4.8. In Silico Study
4.8.1. Protein/Ligand Preparation, Docking, and Visualization
Protein structures from the RCSB PDB were cleaned by removing heteroatoms and remote waters, rebuilding missing side chains, and adding hydrogens at pH 7.4. Prepared receptors were saved as PDB files. Ligands were sketched in 2D, converted to 3D, minimized using a small-molecule force field, and exported as PDB and SDF files, preserving pH-appropriate tautomer. Docking was performed using HDOCK (default, whole-receptor search), ranked poses/scores were retrieved, and the top ten were downloaded. Poses were filtered for plausible placement in the FPP/active-site channel, π stacking/hydrophobic interactions, and a hydrogen bond from the phenolic OH; clashes, strained torsions, or fully buried OH groups were rejected. The best-scoring pose was selected for the figures. Figures were created in Chimera and Discovery Studio, with pocket renderings and 2D interaction diagrams at 600 dpi or higher.
4.8.2. Drug-likeness and ADME/Tox Workflow
Five oil constituents, cinnamaldehyde, thymol, eucalyptol, p-cymene, and linoleic acid, selected from GC–MS; SMILES/SDF were taken from PubChem [46]. SwissADME computed MW, HBD/HBA, TPSA, RB, logP, and MR, and evaluated Lipinski, Veber, and Ghose rules [43,44,45,64]. pkCSM and ADMETlab 2.0 predicted HIA, logBB, logPS, CYP liabilities, clearance, and toxicity; overlapping endpoints cross-validated, single-source metrics retained [48,49,50]. Inputs used neutral microspecies at pH 7.0 and PubChem SMILES; nomenclature was harmonized with DrugBank [45,46,47]. Pass/fail flags and numerics supported reproducibility [43,44,45,48,50].
5. Conclusions
The simplex–centroid mixture design was used to optimize the antibacterial and antioxidant activities of thyme, cinnamon, and black seed oils, revealing synergistic effects that enhanced activity compared to the individual oils.
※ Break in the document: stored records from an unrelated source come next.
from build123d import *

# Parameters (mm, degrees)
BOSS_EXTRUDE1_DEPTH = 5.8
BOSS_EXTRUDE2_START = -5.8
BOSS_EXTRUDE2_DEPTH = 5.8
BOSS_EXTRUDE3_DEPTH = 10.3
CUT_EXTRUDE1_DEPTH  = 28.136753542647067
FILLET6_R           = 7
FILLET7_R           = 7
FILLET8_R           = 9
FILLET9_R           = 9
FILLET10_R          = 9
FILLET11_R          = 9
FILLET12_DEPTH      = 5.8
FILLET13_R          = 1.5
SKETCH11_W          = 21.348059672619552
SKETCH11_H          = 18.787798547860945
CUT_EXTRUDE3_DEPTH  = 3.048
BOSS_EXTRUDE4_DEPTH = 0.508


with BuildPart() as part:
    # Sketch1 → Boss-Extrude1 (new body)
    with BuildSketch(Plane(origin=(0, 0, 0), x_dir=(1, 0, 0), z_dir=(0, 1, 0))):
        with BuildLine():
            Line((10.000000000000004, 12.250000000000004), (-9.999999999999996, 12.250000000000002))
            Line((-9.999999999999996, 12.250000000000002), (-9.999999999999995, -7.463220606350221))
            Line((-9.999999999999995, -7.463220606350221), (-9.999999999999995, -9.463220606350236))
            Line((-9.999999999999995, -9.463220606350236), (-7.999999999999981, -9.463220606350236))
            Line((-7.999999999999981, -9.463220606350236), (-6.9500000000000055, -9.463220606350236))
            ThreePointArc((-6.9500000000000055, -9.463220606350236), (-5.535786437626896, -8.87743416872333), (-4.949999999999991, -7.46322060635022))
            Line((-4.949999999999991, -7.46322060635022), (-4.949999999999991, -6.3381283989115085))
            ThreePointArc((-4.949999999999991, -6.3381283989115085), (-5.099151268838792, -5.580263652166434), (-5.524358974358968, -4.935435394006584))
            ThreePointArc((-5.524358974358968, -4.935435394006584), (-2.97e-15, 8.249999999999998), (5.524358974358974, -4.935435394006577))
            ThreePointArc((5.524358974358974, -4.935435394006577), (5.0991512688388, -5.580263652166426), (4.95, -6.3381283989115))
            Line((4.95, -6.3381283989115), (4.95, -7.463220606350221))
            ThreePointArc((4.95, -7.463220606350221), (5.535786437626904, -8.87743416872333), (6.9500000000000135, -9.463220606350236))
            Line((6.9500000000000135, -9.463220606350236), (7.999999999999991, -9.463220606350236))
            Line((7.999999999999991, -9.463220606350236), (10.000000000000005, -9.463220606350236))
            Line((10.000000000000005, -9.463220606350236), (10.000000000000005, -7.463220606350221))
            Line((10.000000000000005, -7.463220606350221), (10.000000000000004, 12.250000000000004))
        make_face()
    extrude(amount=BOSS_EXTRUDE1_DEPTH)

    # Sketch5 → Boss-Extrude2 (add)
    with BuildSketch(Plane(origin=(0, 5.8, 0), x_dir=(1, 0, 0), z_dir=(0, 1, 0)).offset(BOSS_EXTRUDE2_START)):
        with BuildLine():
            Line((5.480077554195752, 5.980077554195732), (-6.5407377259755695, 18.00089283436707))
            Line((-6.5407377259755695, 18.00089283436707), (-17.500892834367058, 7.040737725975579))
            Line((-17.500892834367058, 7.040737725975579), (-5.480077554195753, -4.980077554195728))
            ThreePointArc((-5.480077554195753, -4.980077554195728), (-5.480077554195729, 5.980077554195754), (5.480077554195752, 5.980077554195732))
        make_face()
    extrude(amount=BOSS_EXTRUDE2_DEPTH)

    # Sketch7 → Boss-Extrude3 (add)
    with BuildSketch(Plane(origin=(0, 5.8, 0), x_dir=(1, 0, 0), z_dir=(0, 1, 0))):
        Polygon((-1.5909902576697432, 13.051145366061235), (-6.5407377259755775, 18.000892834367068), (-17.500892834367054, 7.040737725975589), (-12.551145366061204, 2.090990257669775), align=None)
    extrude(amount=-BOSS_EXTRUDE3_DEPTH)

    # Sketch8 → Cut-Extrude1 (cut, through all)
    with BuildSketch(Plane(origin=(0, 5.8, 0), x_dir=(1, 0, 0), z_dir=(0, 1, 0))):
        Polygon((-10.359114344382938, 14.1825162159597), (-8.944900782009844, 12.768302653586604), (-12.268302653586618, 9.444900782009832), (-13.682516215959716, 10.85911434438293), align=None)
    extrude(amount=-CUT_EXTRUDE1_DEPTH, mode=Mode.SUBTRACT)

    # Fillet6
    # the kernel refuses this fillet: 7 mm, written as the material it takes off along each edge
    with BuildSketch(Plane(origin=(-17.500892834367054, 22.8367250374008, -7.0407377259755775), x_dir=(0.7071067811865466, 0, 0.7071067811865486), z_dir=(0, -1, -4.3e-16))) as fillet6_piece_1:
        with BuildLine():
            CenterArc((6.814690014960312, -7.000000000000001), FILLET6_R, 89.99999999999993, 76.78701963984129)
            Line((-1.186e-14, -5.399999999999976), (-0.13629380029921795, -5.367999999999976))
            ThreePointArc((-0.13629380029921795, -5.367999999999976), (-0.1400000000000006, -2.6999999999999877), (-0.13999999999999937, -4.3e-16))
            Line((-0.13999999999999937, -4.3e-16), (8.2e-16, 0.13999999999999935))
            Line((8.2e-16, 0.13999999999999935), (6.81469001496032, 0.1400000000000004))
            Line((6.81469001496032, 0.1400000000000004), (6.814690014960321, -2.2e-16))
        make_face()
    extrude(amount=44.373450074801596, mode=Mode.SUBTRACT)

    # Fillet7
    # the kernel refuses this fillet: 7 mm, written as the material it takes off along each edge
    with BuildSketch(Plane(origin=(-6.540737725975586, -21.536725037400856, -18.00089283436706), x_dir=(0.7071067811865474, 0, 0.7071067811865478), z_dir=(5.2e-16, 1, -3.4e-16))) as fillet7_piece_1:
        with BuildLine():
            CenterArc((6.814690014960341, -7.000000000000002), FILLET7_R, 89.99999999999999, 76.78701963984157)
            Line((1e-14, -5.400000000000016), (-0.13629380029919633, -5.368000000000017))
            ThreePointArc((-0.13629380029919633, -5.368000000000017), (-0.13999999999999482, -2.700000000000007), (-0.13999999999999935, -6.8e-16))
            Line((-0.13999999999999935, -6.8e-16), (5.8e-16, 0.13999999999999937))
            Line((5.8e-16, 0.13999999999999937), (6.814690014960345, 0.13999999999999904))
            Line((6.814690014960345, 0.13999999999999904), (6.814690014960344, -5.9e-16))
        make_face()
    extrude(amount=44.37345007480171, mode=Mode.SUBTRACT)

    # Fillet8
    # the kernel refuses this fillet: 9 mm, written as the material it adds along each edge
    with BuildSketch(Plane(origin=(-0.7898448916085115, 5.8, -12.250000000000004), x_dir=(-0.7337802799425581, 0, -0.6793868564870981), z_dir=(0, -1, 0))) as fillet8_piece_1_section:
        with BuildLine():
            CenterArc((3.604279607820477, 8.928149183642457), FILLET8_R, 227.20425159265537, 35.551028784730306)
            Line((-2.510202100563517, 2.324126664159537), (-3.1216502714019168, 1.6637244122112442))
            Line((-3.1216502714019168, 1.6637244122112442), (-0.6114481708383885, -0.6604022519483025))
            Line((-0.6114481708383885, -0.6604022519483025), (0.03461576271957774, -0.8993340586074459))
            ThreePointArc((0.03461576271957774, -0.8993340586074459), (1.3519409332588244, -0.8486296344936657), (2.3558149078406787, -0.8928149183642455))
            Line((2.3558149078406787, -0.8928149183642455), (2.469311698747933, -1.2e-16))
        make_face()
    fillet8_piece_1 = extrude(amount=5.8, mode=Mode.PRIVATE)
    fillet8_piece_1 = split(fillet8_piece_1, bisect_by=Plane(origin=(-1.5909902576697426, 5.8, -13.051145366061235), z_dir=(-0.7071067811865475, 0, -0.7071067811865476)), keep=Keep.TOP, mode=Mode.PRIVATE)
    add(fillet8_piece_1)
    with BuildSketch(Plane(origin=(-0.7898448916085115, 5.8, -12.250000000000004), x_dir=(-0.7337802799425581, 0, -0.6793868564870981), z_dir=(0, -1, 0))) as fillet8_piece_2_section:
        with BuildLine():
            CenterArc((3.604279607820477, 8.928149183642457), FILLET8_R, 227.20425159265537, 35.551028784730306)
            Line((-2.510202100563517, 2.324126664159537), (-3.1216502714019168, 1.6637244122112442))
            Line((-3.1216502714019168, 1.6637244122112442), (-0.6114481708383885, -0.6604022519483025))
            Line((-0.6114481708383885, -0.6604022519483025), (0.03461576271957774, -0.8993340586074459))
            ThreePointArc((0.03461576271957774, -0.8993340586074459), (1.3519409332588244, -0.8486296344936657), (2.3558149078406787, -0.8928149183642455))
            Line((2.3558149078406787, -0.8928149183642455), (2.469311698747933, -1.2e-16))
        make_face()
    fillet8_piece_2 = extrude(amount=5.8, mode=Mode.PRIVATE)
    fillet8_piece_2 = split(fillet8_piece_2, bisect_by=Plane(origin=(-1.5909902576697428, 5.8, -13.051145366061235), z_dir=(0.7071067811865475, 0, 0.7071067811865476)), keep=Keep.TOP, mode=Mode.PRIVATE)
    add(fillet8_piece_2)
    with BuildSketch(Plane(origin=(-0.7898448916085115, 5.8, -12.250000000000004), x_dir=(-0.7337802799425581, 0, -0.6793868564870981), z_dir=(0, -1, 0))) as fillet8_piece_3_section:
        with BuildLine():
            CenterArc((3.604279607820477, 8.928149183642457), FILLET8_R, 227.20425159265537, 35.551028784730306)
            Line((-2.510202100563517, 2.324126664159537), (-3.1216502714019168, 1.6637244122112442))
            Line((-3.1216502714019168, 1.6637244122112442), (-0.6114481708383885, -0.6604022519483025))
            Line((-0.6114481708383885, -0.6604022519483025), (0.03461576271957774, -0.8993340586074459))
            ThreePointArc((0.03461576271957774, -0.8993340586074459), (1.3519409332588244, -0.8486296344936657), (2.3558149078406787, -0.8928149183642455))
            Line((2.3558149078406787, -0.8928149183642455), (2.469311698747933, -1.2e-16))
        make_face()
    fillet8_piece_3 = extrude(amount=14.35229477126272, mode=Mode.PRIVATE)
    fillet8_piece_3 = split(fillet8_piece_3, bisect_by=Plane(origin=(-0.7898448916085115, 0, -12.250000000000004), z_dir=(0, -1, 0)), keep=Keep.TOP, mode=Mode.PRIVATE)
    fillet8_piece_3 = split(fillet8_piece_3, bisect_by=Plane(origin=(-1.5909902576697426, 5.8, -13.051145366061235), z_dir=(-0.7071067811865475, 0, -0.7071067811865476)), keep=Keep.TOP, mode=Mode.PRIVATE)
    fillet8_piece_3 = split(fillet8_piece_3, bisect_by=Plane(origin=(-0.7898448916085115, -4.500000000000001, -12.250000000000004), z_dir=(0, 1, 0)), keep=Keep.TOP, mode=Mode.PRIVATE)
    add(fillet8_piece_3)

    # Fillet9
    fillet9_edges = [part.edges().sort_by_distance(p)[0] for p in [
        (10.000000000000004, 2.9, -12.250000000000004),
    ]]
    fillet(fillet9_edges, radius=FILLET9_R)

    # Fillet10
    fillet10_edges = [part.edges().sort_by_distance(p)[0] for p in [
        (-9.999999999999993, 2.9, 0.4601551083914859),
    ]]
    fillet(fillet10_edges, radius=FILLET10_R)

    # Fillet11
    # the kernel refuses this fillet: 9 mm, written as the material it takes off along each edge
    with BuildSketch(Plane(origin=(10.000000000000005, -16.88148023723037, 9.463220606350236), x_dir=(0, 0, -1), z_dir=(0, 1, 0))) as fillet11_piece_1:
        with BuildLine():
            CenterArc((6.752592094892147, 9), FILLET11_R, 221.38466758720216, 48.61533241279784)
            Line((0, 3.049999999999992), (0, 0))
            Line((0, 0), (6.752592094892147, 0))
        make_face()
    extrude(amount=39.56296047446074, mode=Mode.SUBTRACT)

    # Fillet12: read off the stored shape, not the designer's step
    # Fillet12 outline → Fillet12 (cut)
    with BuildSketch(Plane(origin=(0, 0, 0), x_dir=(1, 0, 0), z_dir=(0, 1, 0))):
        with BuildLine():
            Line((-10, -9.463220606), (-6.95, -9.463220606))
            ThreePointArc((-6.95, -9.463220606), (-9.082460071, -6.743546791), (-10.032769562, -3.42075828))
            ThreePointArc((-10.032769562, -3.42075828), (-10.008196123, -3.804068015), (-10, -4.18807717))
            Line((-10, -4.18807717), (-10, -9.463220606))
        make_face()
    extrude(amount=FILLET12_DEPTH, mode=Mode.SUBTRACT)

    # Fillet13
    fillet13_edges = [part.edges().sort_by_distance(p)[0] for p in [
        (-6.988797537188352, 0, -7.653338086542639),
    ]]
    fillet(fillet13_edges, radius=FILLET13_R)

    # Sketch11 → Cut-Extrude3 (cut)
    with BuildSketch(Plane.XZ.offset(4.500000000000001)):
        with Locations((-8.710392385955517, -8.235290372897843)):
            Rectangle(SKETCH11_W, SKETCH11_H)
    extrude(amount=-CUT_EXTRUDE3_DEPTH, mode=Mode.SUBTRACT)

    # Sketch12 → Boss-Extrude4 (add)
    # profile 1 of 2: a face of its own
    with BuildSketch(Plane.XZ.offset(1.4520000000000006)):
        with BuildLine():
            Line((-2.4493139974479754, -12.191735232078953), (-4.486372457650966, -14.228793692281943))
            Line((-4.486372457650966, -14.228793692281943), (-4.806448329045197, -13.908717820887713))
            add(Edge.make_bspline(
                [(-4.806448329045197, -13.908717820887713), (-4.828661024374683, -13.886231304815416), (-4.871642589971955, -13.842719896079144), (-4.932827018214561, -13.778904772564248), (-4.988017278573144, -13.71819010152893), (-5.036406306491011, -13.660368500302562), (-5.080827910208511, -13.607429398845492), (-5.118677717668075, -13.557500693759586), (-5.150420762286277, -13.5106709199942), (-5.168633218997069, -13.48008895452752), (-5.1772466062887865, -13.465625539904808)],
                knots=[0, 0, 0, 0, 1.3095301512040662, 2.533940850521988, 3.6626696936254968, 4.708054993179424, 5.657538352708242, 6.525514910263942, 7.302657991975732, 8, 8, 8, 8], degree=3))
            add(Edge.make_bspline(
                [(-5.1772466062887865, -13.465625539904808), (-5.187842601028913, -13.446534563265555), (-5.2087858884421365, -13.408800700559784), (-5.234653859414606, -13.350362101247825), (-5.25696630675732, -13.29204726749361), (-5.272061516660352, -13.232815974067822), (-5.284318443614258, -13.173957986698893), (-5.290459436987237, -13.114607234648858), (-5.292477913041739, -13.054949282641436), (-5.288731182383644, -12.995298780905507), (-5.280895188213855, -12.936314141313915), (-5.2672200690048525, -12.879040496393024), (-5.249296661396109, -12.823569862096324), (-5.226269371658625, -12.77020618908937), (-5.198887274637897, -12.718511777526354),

In silico analysis identified potential molecular mechanisms and indicated generally favorable ADMET and pharmacokinetic profiles for the main constituents. Cytotoxicity testing on normal WI-38 cells showed minimal toxicity at the tested concentrations. These results indicate that the optimized oil combinations may have potential as natural agents for therapeutic and food preservation applications, while further studies are needed to confirm their safety and efficacy.